Anthony Joshua expects Wladimir Klitschko to be better and more aggressive than his last fight when they meet on Saturday.
The IBF world heavyweight champion is preparing for a better version of Klitschko, whose domination of the heavyweight division was shattered by a shock points loss to Tyson Fury in November 2015.
Klitschko has not fought since that crushing setback cost him his three world titles but Joshua says the 41-year-old will be improved after the longest layoff of his career.
Joshua, 27, believes the Ukrainian will not be so reserved and lacking in ambition as he was when he met his fellow Briton Fury in Germany.
“Definitely not, that Klitschko just didn’t show up [against Fury],” Joshua told reporters at his Sheffield training base.
“Through a lot of people’s failures they learn, they study and they come back. A lot of great fighters in history have made mistakes and bounced back. I want to expect the best Klitschko so I’m saying he will definitely have learned from those mistakes he made against Fury.”
Joshua, who has stopped all 18 professional opponents, will not be trying to emulate how Fury ended Klitschko’s nine and a half year reign.
“Fury is completely different to me,” Joshua told reporters.
“I can’t box how Fury boxed and can’t expect it to be as simple as that for me.
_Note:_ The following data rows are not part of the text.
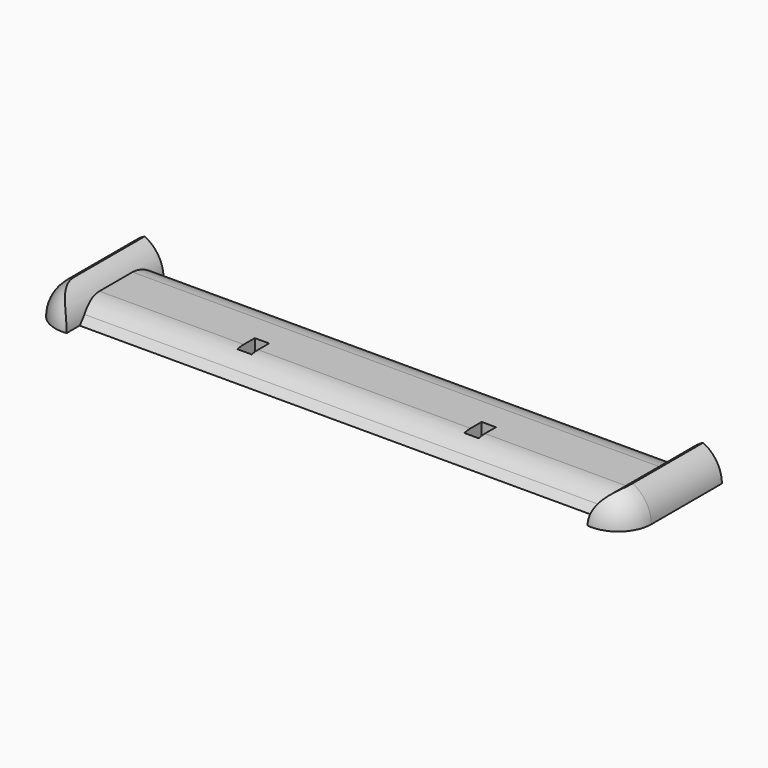
from build123d import *

# Parameters (mm, degrees)
F0_W          = 90
F0_H          = 18.32
F1_DEPTH      = 2.5
F2_W          = 2.16
F2_H          = 3.27
F3_DEPTH      = 25
F4_W          = 5
F4_H          = 18.32
F5_DEPTH      = 2.5
F6_T1_DEPTH   = 43.32
F6_T3_DEPTH   = 39.9706350946
F7_T1_DEPTH   = 39.9706350946
F7_T3_DEPTH   = 43.32
F8_T4_DEPTH   = 105.7168298797
F8_S5_R       = 5.0000000001
F8_T6_DEPTH   = 54
F8_S7_R       = 5.0000000001
F8_T8_DEPTH   = 54
F9_T4_DEPTH   = 105
F9_S5_R       = 5.0000000001
F9_T6_DEPTH   = 54
F9_S7_R       = 5.0000000001
F9_T8_DEPTH   = 54
F10_T4_ANGLE  = 350.8787991533
F10_S5_R      = 5.0000000001
F10_T6_DEPTH  = 9
F10_T10_ANGLE = 350.8787991654
F10_S11_R     = 5.0000000001
F10_T12_DEPTH = 9
F11_T4_DEPTH  = 90.3553390593
F11_S5_R      = 5.0000000001
F11_T6_DEPTH  = 47
F11_S7_R      = 5.0000000001
F11_T8_DEPTH  = 47


# Not quite as in the source:
# - a fillet or chamfer that OpenCascade refuses, or shapes differently, is made with other operations: its cross-section is extruded or revolved along the edge and cut away or added


with BuildPart() as f1:
    # F0 (on Top) → F1 (new body)
    with BuildSketch(Plane.XY):
        with Locations((28.5399998152, 34.3848172414)):
            Rectangle(F0_W, F0_H)
    extrude(amount=F1_DEPTH)

    # F2 (on face) → F3 (cut)
    with BuildSketch(Plane(origin=(0, 0, 0), x_dir=(1, 0, 0), z_dir=(0, 0, -1))):
        with Locations((11.4099998152, -32.7498172414)):
            Rectangle(F2_W, F2_H)
        with Locations((45.6699998152, -32.7498172414)):
            Rectangle(F2_W, F2_H)
    extrude(amount=-F3_DEPTH, mode=Mode.SUBTRACT)

    # F4 (on face) → F5 (join)
    with BuildSketch(Plane.XY.offset(2.5)):
        with Locations((-13.9600001848, 34.3848172414)):
            Rectangle(F4_W, F4_H)
        with Locations((71.0399998152, 34.3848172414)):
            Rectangle(F4_W, F4_H)
    extrude(amount=F5_DEPTH)

    # F6: fillet of radius 5 on 2 edges, made by hand

    # F6_s2 → F6_t1 (cut)
    with BuildSketch(Plane.XZ.offset(-56.0448172414)):
        with BuildLine():
            ThreePointArc((-16.4600001848, 0), (-14.9955340907, 3.5355339059), (-11.4600001848, 5))
            Line((-11.4600001848, 5), (-16.4600001848, 5))
            Line((-16.4600001848, 5), (-16.4600001848, 0))
        make_face()
    extrude(amount=F6_T1_DEPTH, mode=Mode.SUBTRACT)

    # F6_s4 → F6_t3 (cut)
    with BuildSketch(Plane.XZ.offset(-54.3701347887)):
        with BuildLine():
            ThreePointArc((-15.7901272037, 5), (-13.2901272037, 4.3301270189), (-11.4600001848, 2.5))
            Line((-11.4600001848, 2.5), (-11.4600001848, 5))
            Line((-11.4600001848, 5), (-15.7901272037, 5))
        make_face()
    extrude(amount=F6_T3_DEPTH, mode=Mode.SUBTRACT)

    # F7: fillet of radius 5 on 2 edges, made by hand

    # F7_s2 → F7_t1 (cut)
    with BuildSketch(Plane.XZ.offset(-54.3701347887)):
        with BuildLine():
            ThreePointArc((68.5399998152, 2.5), (70.3701268341, 4.3301270189), (72.8701268341, 5))
            Line((72.8701268341, 5), (68.5399998152, 5))
            Line((68.5399998152, 5), (68.5399998152, 2.5))
        make_face()
    extrude(amount=F7_T1_DEPTH, mode=Mode.SUBTRACT)

    # F7_s4 → F7_t3 (cut)
    with BuildSketch(Plane.XZ.offset(-56.0448172414)):
        with BuildLine():
            ThreePointArc((73.5399998152, 0), (72.0755337212, 3.5355339059), (68.5399998152, 5))
            Line((68.5399998152, 5), (73.5399998152, 5))
            Line((73.5399998152, 5), (73.5399998152, 0))
        make_face()
    extrude(amount=F7_T3_DEPTH, mode=Mode.SUBTRACT)

    # F8: chamfer of 5 on 1 edges, made by hand


with BuildPart() as f8_tool2:
    # F8_s3 → F8_t4 (new body)
    with BuildSketch(Plane.YZ.offset(-24.3184151246)):
        Polygon((30.2248172414, 2.5), (25.2248172414, -2.5), (25.2248172414, 2.5), align=None)
    extrude(amount=F8_T4_DEPTH)

    # F8_s5 → F8_t6 (cut, symmetric)
    with BuildSketch(Plane.XZ.offset(-27.7)):
        with Locations((-15.7901272038, -1e-10)):
            Circle(F8_S5_R)
    extrude(amount=F8_T6_DEPTH, both=True, mode=Mode.SUBTRACT)

    # F8_s7 → F8_t8 (cut, symmetric)
    with BuildSketch(Plane.XZ.offset(-27.7)):
        with Locations((72.8701268342, -1e-10)):
            Circle(F8_S7_R)
    extrude(amount=F8_T8_DEPTH, both=True, mode=Mode.SUBTRACT)


with BuildPart() as f1_1:
    add(f1.part)

    # F8_t1: cut F8_tool2
    add(f8_tool2.part, mode=Mode.SUBTRACT)

    # F9: fillet of radius 5 on 1 edges, made by hand


with BuildPart() as f9_tool2:
    # F9_s3 → F9_t4 (new body)
    with BuildSketch(Plane.YZ.offset(81.0399998152)):
        with BuildLine():
            ThreePointArc((43.5448172414, -2.5), (42.0803511473, 1.0355339059), (38.5448172414, 2.5))
            Line((38.5448172414, 2.5), (43.5448172414, 2.5))
            Line((43.5448172414, 2.5), (43.5448172414, -2.5))
        make_face()
    extrude(amount=-F9_T4_DEPTH)

    # F9_s5 → F9_t6 (cut, symmetric)
    with BuildSketch(Plane.XZ.offset(-41)):
        with Locations((72.8701268342, -1e-10)):
            Circle(F9_S5_R)
    extrude(amount=F9_T6_DEPTH, both=True, mode=Mode.SUBTRACT)

    # F9_s7 → F9_t8 (cut, symmetric)
    with BuildSketch(Plane.XZ.offset(-41)):
        with Locations((-15.7901272038, -1e-10)):
            Circle(F9_S7_R)
    extrude(amount=F9_T8_DEPTH, both=True, mode=Mode.SUBTRACT)


with BuildPart() as f1_2:
    add(f1_1.part)

    # F9_t1: cut F9_tool2
    add(f9_tool2.part, mode=Mode.SUBTRACT)

    # F10: fillet of radius 5 on 2 edges, made by hand


with BuildPart() as f10_tool2:
    # F10_s3 → F10_t4 (revolve)
    with BuildSketch(Plane(origin=(-4.0989769567, 0, -5.492965009), x_dir=(0, 1, 0), z_dir=(0.5980609221, 0, 0.8014506432))):
        with BuildLine():
            ThreePointArc((25.2248172414, 9.1846245187), (26.6892833355, 5.6490906128), (30.2248172414, 4.1846245187))
            Line((30.2248172414, 4.1846245187), (25.2248172414, 4.1846245187))
            Line((25.2248172414, 4.1846245187), (25.2248172414, 9.1846245187))
        make_face()
    revolve(axis=Axis((-11.4600001847, 25.2248172414, -1e-10), (0, 1, 0)), revolution_arc=F10_T4_ANGLE)

    # F10_s5 → F10_t6 (intersect, symmetric)
    with BuildSketch(Plane.XZ.offset(-27.7)):
        with Locations((-15.7901272038, -1e-10)):
            Circle(F10_S5_R)
    extrude(amount=F10_T6_DEPTH, both=True, mode=Mode.INTERSECT)


with BuildPart() as f1_3:
    add(f1_2.part)

    # F10_t1: cut F10_tool2
    add(f10_tool2.part, mode=Mode.SUBTRACT)


with BuildPart() as f10_tool8:
    # F10_s9 → F10_t10 (revolve)
    with BuildSketch(Plane(origin=(14.7214175546, 0, -28.147572216), x_dir=(0, 1, 0), z_dir=(0.4634498715, 0, -0.8861231385))):
        with BuildLine():
            ThreePointArc((25.2248172414, 60.7348797497), (26.6892833355, 57.1993458438), (30.2248172414, 55.7348797497))
            Line((30.2248172414, 55.7348797497), (25.2248172414, 55.7348797497))
            Line((25.2248172414, 55.7348797497), (25.2248172414, 60.7348797497))
        make_face()
    revolve(axis=Axis((68.5399998153, 25.2248172414, 1e-10), (0, 1, 0)), revolution_arc=F10_T10_ANGLE)

    # F10_s11 → F10_t12 (intersect, symmetric)
    with BuildSketch(Plane.XZ.offset(-27.7)):
        with Locations((72.8701268342, -1e-10)):
            Circle(F10_S11_R)
    extrude(amount=F10_T12_DEPTH, both=True, mode=Mode.INTERSECT)


with BuildPart() as f1_4:
    add(f1_3.part)

    # F10_t7: cut F10_tool8
    add(f10_tool8.part, mode=Mode.SUBTRACT)

    # F11: fillet of radius 5 on 1 edges, made by hand


with BuildPart() as f11_tool2:
    # F11_s3 → F11_t4 (new body)
    with BuildSketch(Plane.YZ.offset(-16.6376697145)):
        with BuildLine():
            ThreePointArc((28.7603511473, 1.0355339059), (30.3824678914, 2.1193976626), (32.2958850533, 2.5))
            Line((32.2958850533, 2.5), (30.2248172414, 2.5))
            Line((30.2248172414, 2.5), (28.7603511473, 1.0355339059))
        make_face()
    extrude(amount=F11_T4_DEPTH)

    # F11_s5 → F11_t6 (cut, symmetric)
    with BuildSketch(Plane.XZ.offset(-30.5)):
        with Locations((72.8701268342, -1e-10)):
            Circle(F11_S5_R)
    extrude(amount=F11_T6_DEPTH, both=True, mode=Mode.SUBTRACT)

    # F11_s7 → F11_t8 (cut, symmetric)
    with BuildSketch(Plane.XZ.offset(-30.5)):
        with Locations((-15.7901272038, -1e-10)):
            Circle(F11_S7_R)
    extrude(amount=F11_T8_DEPTH, both=True, mode=Mode.SUBTRACT)


with BuildPart() as f1_5:
    add(f1_4.part)

    # F11_t1: cut F11_tool2
    add(f11_tool2.part, mode=Mode.SUBTRACT)


solid = f1_5.part

I just look at little parts of it, not the whole fight.”
A record-equalling 90,000 fans will be inside England’s national soccer stadium — the largest in Britain for a boxing event since 1939 — but Joshua insists nerves will not be a problem.
Joshua, whose parents are from Nigeria, has remained relaxed and polite in the two weeks leading up to the fight and the 2012 Olympic gold medallist has not shown any sign of tension ahead of the biggest heavyweight fight held in Britain. “Fighting is not just about aggression, it’s a way of life, it’s discipline and expressing yourself through difference channels,” Joshua told reporters.
“When I’m fighting and I’m in the gym I feel calm, I feel at peace. It’s the way I express myself and it’s probably why I find ways to be relaxed.
“Don’t get me wrong all of us face nerves when we fight and this is a stage I haven’t faced before, the attention, amount of people. I think if you can control your nerves in this big arena it makes a massive difference to the performance.
“But when it boils down to it, you get lost in the fight. You really do get lost in the fight. I don’t think it becomes an issue that there are so many people there once you are well engaged with your opponent.”
But the pair are unlikely to be involved in trash talking before the first bell.
The showdown has been animosity-free, with plenty of mutual respect, but Klitschko last week questioned Joshua’s motivation for saying he wants to become a billionaire through a series of megafights in the revitalised heavyweight division.
Joshua shrugged off criticism and say he will remain unrattled by the former champion’s mind games.
“There’s nothing wrong with being a billionaire, it’s an ambition, there’s nothing wrong with aiming high,” Joshua said. “Wladimir Klitschko was accused of carrying out fights to the 12th round to secure commercial revenue in Germany.
“Maybe he’s using that as a way of attacking me because he’s been in that situation before. He’s been accused of being too muscular because he used to gas out after five or six rounds coming up. It seems that everything he has gone through he’s trying to throw it back at the young champion who is coming up.
“I understand it. I study boxing, I see where he is coming from. I can see his angles. It is important to unsettle a fighter.”
But Joshua does not expect Klitschko to turn up in a Batman outfit this week, as Fury did for a press conference with the Ukrainian two years ago.
“If Klitschko does that I definitely know he’s lost the plot,” Joshua said laughing.